• Exercise
Beneath this line are the data; copy exactly the part of them that opens with the line containing "#75=AXIS2_PLACEMENT_3D('',#72,#73,#74);" and closes with the line containing "#90=AXIS2_PLACEMENT_3D('',#87,#88,#89);", and only that part.

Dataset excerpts
####################
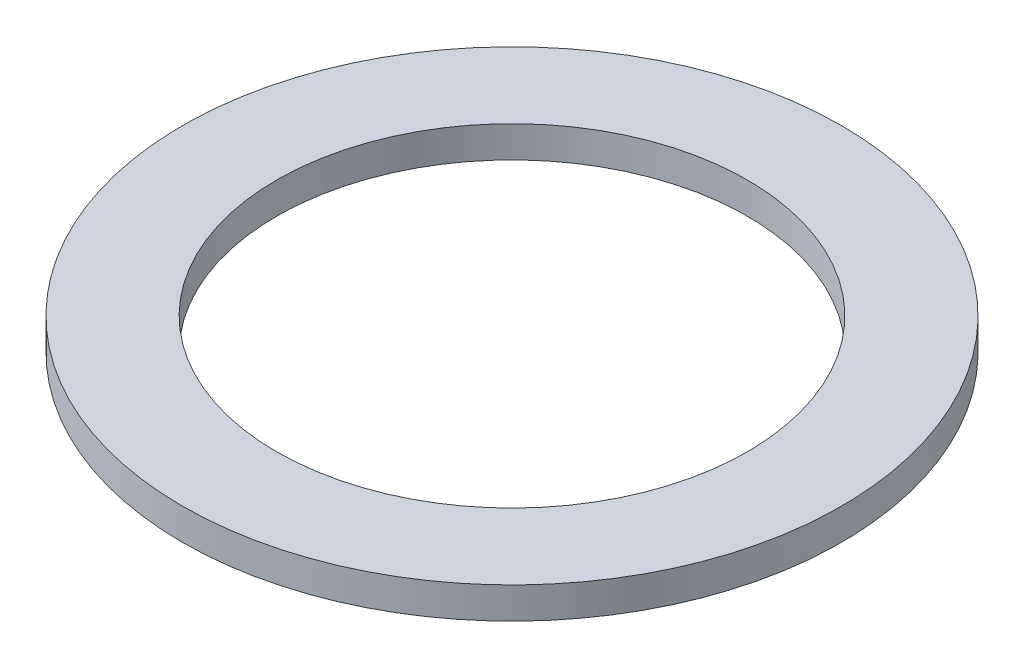
ISO-10303-21;
HEADER;
FILE_DESCRIPTION(('STEP AP214'),'2;1');
FILE_NAME('part.step','',(''),(''),'','','');
FILE_SCHEMA(('AUTOMOTIVE_DESIGN { 1 0 10303 214 1 1 1 1 }'));
ENDSEC;
DATA;
#1=APPLICATION_CONTEXT('core data for automotive mechanical design processes');
#2=APPLICATION_PROTOCOL_DEFINITION('international standard','automotive_design',2000,#1);
#3=PRODUCT_CONTEXT('',#1,'mechanical');
#4=PRODUCT('Part','Part','',(#3));
#5=PRODUCT_RELATED_PRODUCT_CATEGORY('part','',(#4));
#6=PRODUCT_DEFINITION_FORMATION('','',#4);
#7=PRODUCT_DEFINITION_CONTEXT('part definition',#1,'design');
#8=PRODUCT_DEFINITION('design','',#6,#7);
#9=PRODUCT_DEFINITION_SHAPE('','',#8);
#10=(LENGTH_UNIT() NAMED_UNIT(*) SI_UNIT(.MILLI.,.METRE.));
#11=(NAMED_UNIT(*) PLANE_ANGLE_UNIT() SI_UNIT($,.RADIAN.));
#12=(NAMED_UNIT(*) SI_UNIT($,.STERADIAN.) SOLID_ANGLE_UNIT());
#13=UNCERTAINTY_MEASURE_WITH_UNIT(LENGTH_MEASURE(1.E-05),#10,'distance_accuracy_value','');
#14=(GEOMETRIC_REPRESENTATION_CONTEXT(3) GLOBAL_UNCERTAINTY_ASSIGNED_CONTEXT((#13)) GLOBAL_UNIT_ASSIGNED_CONTEXT((#10,
#11,#12)) REPRESENTATION_CONTEXT('',''));
#15=CARTESIAN_POINT('',(0.,0.,0.));
#16=DIRECTION('',(0.,0.,1.));
#17=DIRECTION('',(1.,0.,0.));
#18=AXIS2_PLACEMENT_3D('',#15,#16,#17);
#19=CARTESIAN_POINT('',(0.,5.,0.));
#20=DIRECTION('',(0.,-1.,0.));
#21=DIRECTION('',(0.,0.,-1.));
#22=AXIS2_PLACEMENT_3D('',#19,#20,#21);
#23=CYLINDRICAL_SURFACE('',#22,52.5);
#24=CARTESIAN_POINT('',(0.,5.,0.));
#25=DIRECTION('',(0.,1.,0.));
#26=DIRECTION('',(0.,0.,1.));
#27=AXIS2_PLACEMENT_3D('',#24,#25,#26);
#28=CIRCLE('',#27,52.5);
#29=CARTESIAN_POINT('',(0.,5.,52.5));
#30=VERTEX_POINT('',#29);
#31=EDGE_CURVE('E10',#30,#30,#28,.T.);
#32=ORIENTED_EDGE('',*,*,#31,.F.);
#33=EDGE_LOOP('',(#32));
#34=FACE_BOUND('',#33,.T.);
#35=CARTESIAN_POINT('',(0.,0.,0.));
#36=DIRECTION('',(0.,1.,0.));
#37=DIRECTION('',(0.,0.,1.));
#38=AXIS2_PLACEMENT_3D('',#35,#36,#37);
#39=CIRCLE('',#38,52.5);
#40=CARTESIAN_POINT('',(0.,0.,52.5));
#41=VERTEX_POINT('',#40);
#42=EDGE_CURVE('E37',#41,#41,#39,.T.);
#43=ORIENTED_EDGE('',*,*,#42,.T.);
#44=EDGE_LOOP('',(#43));
#45=FACE_BOUND('',#44,.T.);
#46=ADVANCED_FACE('F40',(#34,#45),#23,.T.);
#47=CARTESIAN_POINT('',(0.,5.,0.));
#48=DIRECTION('',(0.,1.,0.));
#49=DIRECTION('',(0.,0.,1.));
#50=AXIS2_PLACEMENT_3D('',#47,#48,#49);
#51=PLANE('',#50);
#52=CARTESIAN_POINT('',(0.,5.,0.));
#53=DIRECTION('',(0.,1.,0.));
#54=DIRECTION('',(0.,0.,1.));
#55=AXIS2_PLACEMENT_3D('',#52,#53,#54);
#56=CIRCLE('',#55,37.5);
#57=CARTESIAN_POINT('',(0.,5.,37.5));
#58=VERTEX_POINT('',#57);
#59=EDGE_CURVE('E50',#58,#58,#56,.T.);
#60=ORIENTED_EDGE('',*,*,#59,.F.);
#61=EDGE_LOOP('',(#60));
#62=FACE_BOUND('',#61,.T.);
#63=ORIENTED_EDGE('',*,*,#31,.T.);
#64=EDGE_LOOP('',(#63));
#65=FACE_BOUND('',#64,.T.);
#66=ADVANCED_FACE('F59',(#62,#65),#51,.T.);
#67=CARTESIAN_POINT('',(0.,0.,0.));
#68=DIRECTION('',(0.,1.,0.));
#69=DIRECTION('',(0.,0.,1.));
#70=AXIS2_PLACEMENT_3D('',#67,#68,#69);
#71=PLANE('',#70);
#72=CARTESIAN_POINT('',(0.,0.,0.));
#73=DIRECTION('',(0.,1.,0.));
#74=DIRECTION('',(0.,0.,1.));
#75=AXIS2_PLACEMENT_3D('',#72,#73,#74);
#76=CIRCLE('',#75,37.5);
#77=CARTESIAN_POINT('',(0.,0.,37.5));
#78=VERTEX_POINT('',#77);
#79=EDGE_CURVE('E47',#78,#78,#76,.T.);
#80=ORIENTED_EDGE('',*,*,#79,.T.);
#81=EDGE_LOOP('',(#80));
#82=FACE_BOUND('',#81,.T.);
#83=ORIENTED_EDGE('',*,*,#42,.F.);
#84=EDGE_LOOP('',(#83));
#85=FACE_BOUND('',#84,.T.);
#86=ADVANCED_FACE('F58',(#82,#85),#71,.F.);
#87=CARTESIAN_POINT('',(0.,5.,0.));
#88=DIRECTION('',(0.,-1.,0.));
#89=DIRECTION('',(0.,0.,-1.));
#90=AXIS2_PLACEMENT_3D('',#87,#88,#89);
#91=CYLINDRICAL_SURFACE('',#90,37.5);
#92=ORIENTED_EDGE('',*,*,#59,.T.);
#93=EDGE_LOOP('',(#92));
#94=FACE_BOUND('',#93,.T.);
#95=ORIENTED_EDGE('',*,*,#79,.F.);
#96=EDGE_LOOP('',(#95));
#97=FACE_BOUND('',#96,.T.);
#98=ADVANCED_FACE('F54',(#94,#97),#91,.F.);
#99=CLOSED_SHELL('',(#46,#66,#86,#98));
#100=MANIFOLD_SOLID_BREP('B2',#99);
#101=ADVANCED_BREP_SHAPE_REPRESENTATION('',(#18,#100),#14);
#102=SHAPE_DEFINITION_REPRESENTATION(#9,#101);
ENDSEC;
END-ISO-10303-21;
####################
• Response box
#75=AXIS2_PLACEMENT_3D('',#72,#73,#74);
#76=CIRCLE('',#75,37.5);
#77=CARTESIAN_POINT('',(0.,0.,37.5));
#78=VERTEX_POINT('',#77);
#79=EDGE_CURVE('E47',#78,#78,#76,.T.);
#80=ORIENTED_EDGE('',*,*,#79,.T.);
#81=EDGE_LOOP('',(#80));
#82=FACE_BOUND('',#81,.T.);
#83=ORIENTED_EDGE('',*,*,#42,.F.);
#84=EDGE_LOOP('',(#83));
#85=FACE_BOUND('',#84,.T.);
#86=ADVANCED_FACE('F58',(#82,#85),#71,.F.);
#87=CARTESIAN_POINT('',(0.,5.,0.));
#88=DIRECTION('',(0.,-1.,0.));
#89=DIRECTION('',(0.,0.,-1.));
#90=AXIS2_PLACEMENT_3D('',#87,#88,#89);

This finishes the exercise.